Direktur penyidikan KPK, Asep Guntur Rahayu mengatakan, dua orang yang ditetapkan sebagai tersangka tersebut, yaitu Kepala Proyek Pembangunan Shelter Agus Herijanto (AH) serta pejabat Kementerian Pekerjaan Umum dan Perumahan Rakyat (PUPR) Aprialely Nirmala (AN).
“Kedua tersangka atas nama Aprialely Nirmala (AN) dan Agus Herijanto (AH),” kata Asep Guntur kepada wartawan saat Konferensi Pers di Gedung Merah Putih KPK, Kuningan, Jakarta Selatan, Senin, 30 Desember 2024.
Menurut Asep, pihaknya telah menemukan dua alat bukti yang cukup untuk menetapkan keduanya sebagai tersangka. Dia menyebut, keduanya ditahan untuk 20 hari pertama.
“Telah ditemukan bukti yang cukup tentang perbuatan tindak pidana korupsi yang dilakukan oleh tersangka Aprialely Nirmala (AN) dan Agus Herijanto (AH),” kata Asep.
“Dilakukan penahanan selama 20 hari terhitung mulai 30 Desember 2024 sampai tanggal 18 Januari 2025 dan penahanan dilakukan di Rumah Tahanan Negara Cabang Rutan dari Rutan Kelas I Jakarta Timur,” imbuhnya.

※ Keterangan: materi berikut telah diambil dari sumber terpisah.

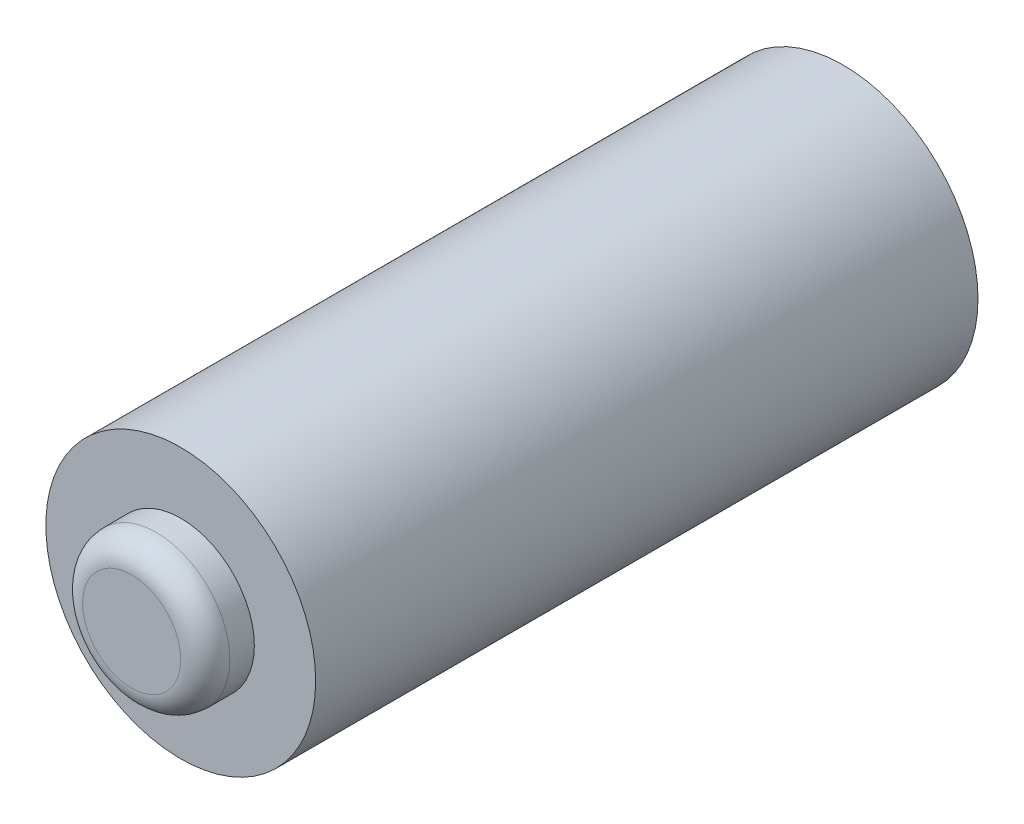
ISO-10303-21;
HEADER;
FILE_DESCRIPTION(('STEP AP214'),'2;1');
FILE_NAME('part.step','',(''),(''),'','','');
FILE_SCHEMA(('AUTOMOTIVE_DESIGN { 1 0 10303 214 1 1 1 1 }'));
ENDSEC;
DATA;
#1=APPLICATION_CONTEXT('core data for automotive mechanical design processes');
#2=APPLICATION_PROTOCOL_DEFINITION('international standard','automotive_design',2000,#1);
#3=PRODUCT_CONTEXT('',#1,'mechanical');
#4=PRODUCT('Part','Part','',(#3));
#5=PRODUCT_RELATED_PRODUCT_CATEGORY('part','',(#4));
#6=PRODUCT_DEFINITION_FORMATION('','',#4);
#7=PRODUCT_DEFINITION_CONTEXT('part definition',#1,'design');
#8=PRODUCT_DEFINITION('design','',#6,#7);
#9=PRODUCT_DEFINITION_SHAPE('','',#8);
#10=(LENGTH_UNIT() NAMED_UNIT(*) SI_UNIT(.MILLI.,.METRE.));
#11=(NAMED_UNIT(*) PLANE_ANGLE_UNIT() SI_UNIT($,.RADIAN.));
#12=(NAMED_UNIT(*) SI_UNIT($,.STERADIAN.) SOLID_ANGLE_UNIT());
#13=UNCERTAINTY_MEASURE_WITH_UNIT(LENGTH_MEASURE(1.E-05),#10,'distance_accuracy_value','');
#14=(GEOMETRIC_REPRESENTATION_CONTEXT(3) GLOBAL_UNCERTAINTY_ASSIGNED_CONTEXT((#13)) GLOBAL_UNIT_ASSIGNED_CONTEXT((#10,
#11,#12)) REPRESENTATION_CONTEXT('',''));
#15=CARTESIAN_POINT('',(0.,0.,0.));
#16=DIRECTION('',(0.,0.,1.));
#17=DIRECTION('',(1.,0.,0.));
#18=AXIS2_PLACEMENT_3D('',#15,#16,#17);
#19=CARTESIAN_POINT('',(0.,0.,13.5));
#20=DIRECTION('',(0.,0.,-1.));
#21=DIRECTION('',(-1.,0.,0.));
#22=AXIS2_PLACEMENT_3D('',#19,#20,#21);
#23=CYLINDRICAL_SURFACE('',#22,2.75);
#24=CARTESIAN_POINT('',(0.,0.,13.5));
#25=DIRECTION('',(0.,0.,1.));
#26=DIRECTION('',(1.,0.,0.));
#27=AXIS2_PLACEMENT_3D('',#24,#25,#26);
#28=CIRCLE('',#27,2.75);
#29=CARTESIAN_POINT('',(2.75,0.,13.5));
#30=VERTEX_POINT('',#29);
#31=EDGE_CURVE('E80',#30,#30,#28,.T.);
#32=ORIENTED_EDGE('',*,*,#31,.F.);
#33=EDGE_LOOP('',(#32));
#34=FACE_BOUND('',#33,.T.);
#35=CARTESIAN_POINT('',(0.,0.,0.));
#36=DIRECTION('',(0.,0.,1.));
#37=DIRECTION('',(1.,0.,0.));
#38=AXIS2_PLACEMENT_3D('',#35,#36,#37);
#39=CIRCLE('',#38,2.75);
#40=CARTESIAN_POINT('',(2.75,0.,0.));
#41=VERTEX_POINT('',#40);
#42=EDGE_CURVE('E84',#41,#41,#39,.T.);
#43=ORIENTED_EDGE('',*,*,#42,.T.);
#44=EDGE_LOOP('',(#43));
#45=FACE_BOUND('',#44,.T.);
#46=ADVANCED_FACE('F42',(#34,#45),#23,.T.);
#47=CARTESIAN_POINT('',(0.,0.,13.5));
#48=DIRECTION('',(0.,0.,1.));
#49=DIRECTION('',(1.,0.,0.));
#50=AXIS2_PLACEMENT_3D('',#47,#48,#49);
#51=PLANE('',#50);
#52=CARTESIAN_POINT('',(0.,0.,13.5));
#53=DIRECTION('',(0.,0.,1.));
#54=DIRECTION('',(1.,0.,0.));
#55=AXIS2_PLACEMENT_3D('',#52,#53,#54);
#56=CIRCLE('',#55,1.5);
#57=CARTESIAN_POINT('',(1.5,0.,13.5));
#58=VERTEX_POINT('',#57);
#59=EDGE_CURVE('E76',#58,#58,#56,.T.);
#60=ORIENTED_EDGE('',*,*,#59,.F.);
#61=EDGE_LOOP('',(#60));
#62=FACE_BOUND('',#61,.T.);
#63=ORIENTED_EDGE('',*,*,#31,.T.);
#64=EDGE_LOOP('',(#63));
#65=FACE_BOUND('',#64,.T.);
#66=ADVANCED_FACE('F117',(#62,#65),#51,.T.);
#67=CARTESIAN_POINT('',(0.,0.,0.));
#68=DIRECTION('',(0.,0.,1.));
#69=DIRECTION('',(1.,0.,0.));
#70=AXIS2_PLACEMENT_3D('',#67,#68,#69);
#71=PLANE('',#70);
#72=CARTESIAN_POINT('',(0.,0.,0.));
#73=DIRECTION('',(0.,0.,-1.));
#74=DIRECTION('',(-1.,0.,0.));
#75=AXIS2_PLACEMENT_3D('',#72,#73,#74);
#76=CIRCLE('',#75,1.5);
#77=CARTESIAN_POINT('',(-1.5,0.,0.));
#78=VERTEX_POINT('',#77);
#79=EDGE_CURVE('E62',#78,#78,#76,.T.);
#80=ORIENTED_EDGE('',*,*,#79,.F.);
#81=EDGE_LOOP('',(#80));
#82=FACE_BOUND('',#81,.T.);
#83=ORIENTED_EDGE('',*,*,#42,.F.);
#84=EDGE_LOOP('',(#83));
#85=FACE_BOUND('',#84,.T.);
#86=ADVANCED_FACE('F115',(#82,#85),#71,.F.);
#87=CARTESIAN_POINT('',(0.,0.,14.5));
#88=DIRECTION('',(0.,0.,-1.));
#89=DIRECTION('',(-1.,0.,0.));
#90=AXIS2_PLACEMENT_3D('',#87,#88,#89);
#91=CYLINDRICAL_SURFACE('',#90,1.5);
#92=CARTESIAN_POINT('',(1.5,0.,14.));
#93=CARTESIAN_POINT('',(1.5,0.196349526304931,14.));
#94=CARTESIAN_POINT('',(1.46095900943656,0.392621839976234,14.));
#95=CARTESIAN_POINT('',(1.3106795880973,0.755428457119036,14.));
#96=CARTESIAN_POINT('',(1.19950025331284,0.9218200902468,14.));
#97=CARTESIAN_POINT('',(0.9218200902468,1.19950025331284,14.));
#98=CARTESIAN_POINT('',(0.7554284571191,1.31067958809728,14.));
#99=CARTESIAN_POINT('',(0.392621839976168,1.46095900943658,14.));
#100=CARTESIAN_POINT('',(0.196349526304952,1.5,14.));
#101=CARTESIAN_POINT('',(-0.196349526304952,1.5,14.));
#102=CARTESIAN_POINT('',(-0.392621839976203,1.46095900943657,14.));
#103=CARTESIAN_POINT('',(-0.755428457119068,1.31067958809729,14.));
#104=CARTESIAN_POINT('',(-0.92182009024681,1.19950025331283,14.));
#105=CARTESIAN_POINT('',(-1.19950025331283,0.921820090246809,14.));
#106=CARTESIAN_POINT('',(-1.31067958809729,0.755428457119068,14.));
#107=CARTESIAN_POINT('',(-1.46095900943657,0.392621839976206,14.));
#108=CARTESIAN_POINT('',(-1.5,0.196349526305006,14.));
#109=CARTESIAN_POINT('',(-1.5,-0.196349526305006,14.));
#110=CARTESIAN_POINT('',(-1.46095900943657,-0.392621839976208,14.));
#111=CARTESIAN_POINT('',(-1.3106795880973,-0.755428457119058,14.));
#112=CARTESIAN_POINT('',(-1.19950025331282,-0.921820090246821,14.));
#113=CARTESIAN_POINT('',(-0.921820090246818,-1.19950025331282,14.));
#114=CARTESIAN_POINT('',(-0.755428457119058,-1.3106795880973,14.));
#115=CARTESIAN_POINT('',(-0.392621839976214,-1.46095900943656,14.));
#116=CARTESIAN_POINT('',(-0.196349526304949,-1.5,14.));
#117=CARTESIAN_POINT('',(0.196349526304955,-1.5,14.));
#118=CARTESIAN_POINT('',(0.392621839976217,-1.46095900943656,14.));
#119=CARTESIAN_POINT('',(0.755428457119049,-1.3106795880973,14.));
#120=CARTESIAN_POINT('',(0.921820090246828,-1.19950025331281,14.));
#121=CARTESIAN_POINT('',(1.19950025331281,-0.921820090246834,14.));
#122=CARTESIAN_POINT('',(1.31067958809729,-0.755428457119069,14.));
#123=CARTESIAN_POINT('',(1.46095900943657,-0.392621839976204,14.));
#124=CARTESIAN_POINT('',(1.5,-0.19634952630493,14.));
#125=CARTESIAN_POINT('',(1.5,0.,14.));
#126=(BOUNDED_CURVE() B_SPLINE_CURVE(3,(#92,#93,#94,#95,#96,#97,#98,#99,#100,#101,#102,#103,
#104,#105,#106,#107,#108,#109,#110,#111,#112,#113,#114,#115,#116,#117,#118,#119,#120,#121,#122,
#123,#124,#125),.UNSPECIFIED.,.T.,.F.) B_SPLINE_CURVE_WITH_KNOTS((4,2,2,2,2,2,2,2,2,2,2,2,2,2,2,
2,4),(0.,0.392699081698724,0.785398163397448,1.17809724509617,1.5707963267949,1.96349540849362,
2.35619449019234,2.74889357189107,3.14159265358979,3.53429173528852,3.92699081698724,
4.31968989868597,4.71238898038469,5.10508806208341,5.49778714378214,5.89048622548086,
6.28318530717959),
.UNSPECIFIED.) CURVE() GEOMETRIC_REPRESENTATION_ITEM() RATIONAL_B_SPLINE_CURVE((1.,1.,1.,1.,1.,
1.,1.,1.,1.,1.,1.,1.,1.,1.,1.,1.,1.,1.,1.,1.,1.,1.,1.,1.,1.,1.,1.,1.,1.,1.,1.,1.,1.,1.)) REPRESENTATION_ITEM(''));
#127=CARTESIAN_POINT('',(1.5,0.,14.));
#128=VERTEX_POINT('',#127);
#129=EDGE_CURVE('E68',#128,#128,#126,.F.);
#130=ORIENTED_EDGE('',*,*,#129,.T.);
#131=EDGE_LOOP('',(#130));
#132=FACE_BOUND('',#131,.T.);
#133=ORIENTED_EDGE('',*,*,#59,.T.);
#134=EDGE_LOOP('',(#133));
#135=FACE_BOUND('',#134,.T.);
#136=ADVANCED_FACE('F108',(#132,#135),#91,.T.);
#137=CARTESIAN_POINT('',(0.,0.,14.5));
#138=DIRECTION('',(0.,0.,1.));
#139=DIRECTION('',(1.,0.,0.));
#140=AXIS2_PLACEMENT_3D('',#137,#138,#139);
#141=PLANE('',#140);
#142=CARTESIAN_POINT('',(1.,0.,14.5));
#143=CARTESIAN_POINT('',(0.999999999999958,-0.130899684203318,14.5));
#144=CARTESIAN_POINT('',(0.973972672957702,-0.261747893317466,14.5));
#145=CARTESIAN_POINT('',(0.873786392064871,-0.503618971412716,14.5));
#146=CARTESIAN_POINT('',(0.799666835541869,-0.614546726831226,14.5));
#147=CARTESIAN_POINT('',(0.614546726831222,-0.799666835541873,14.5));
#148=CARTESIAN_POINT('',(0.503618971412708,-0.873786392064872,14.5));
#149=CARTESIAN_POINT('',(0.261747893317469,-0.973972672957703,14.5));
#150=CARTESIAN_POINT('',(0.130899684203303,-1.,14.5));
#151=CARTESIAN_POINT('',(-0.1308996842033,-1.,14.5));
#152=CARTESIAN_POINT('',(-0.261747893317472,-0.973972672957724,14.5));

KPK sebelumnya melakukan pemeriksaan terhadap Agus dan Aprialely. KPK menyebut, Agus merupakan kepala proyek pembangunan shelter dan aprialely selaku pejabat Kementerian PUPR saat proyek itu dikerjakan.
“KPK menjadwalkan pemeriksaan saksi dugaan TPK terkait pembangunan Tempat Evakuasi Sementara (TES) atau shelter tsunami di wilayah Nusa Tenggara Barat (NTB) oleh Satuan Kerja Penataan Bangunan dan Lingkungan Provinsi NTB, Kementerian Pekerjaan Umum dan Perumahan Rakyat tahun 2014,” ujar Juru Bicara (Jubir) KPK, Tessa Mahardhika dalam keterangannya, Senin, 23 September 2024.
“AH, Kepala Proyek Pembangunan Shelter NTB,” tambahnya.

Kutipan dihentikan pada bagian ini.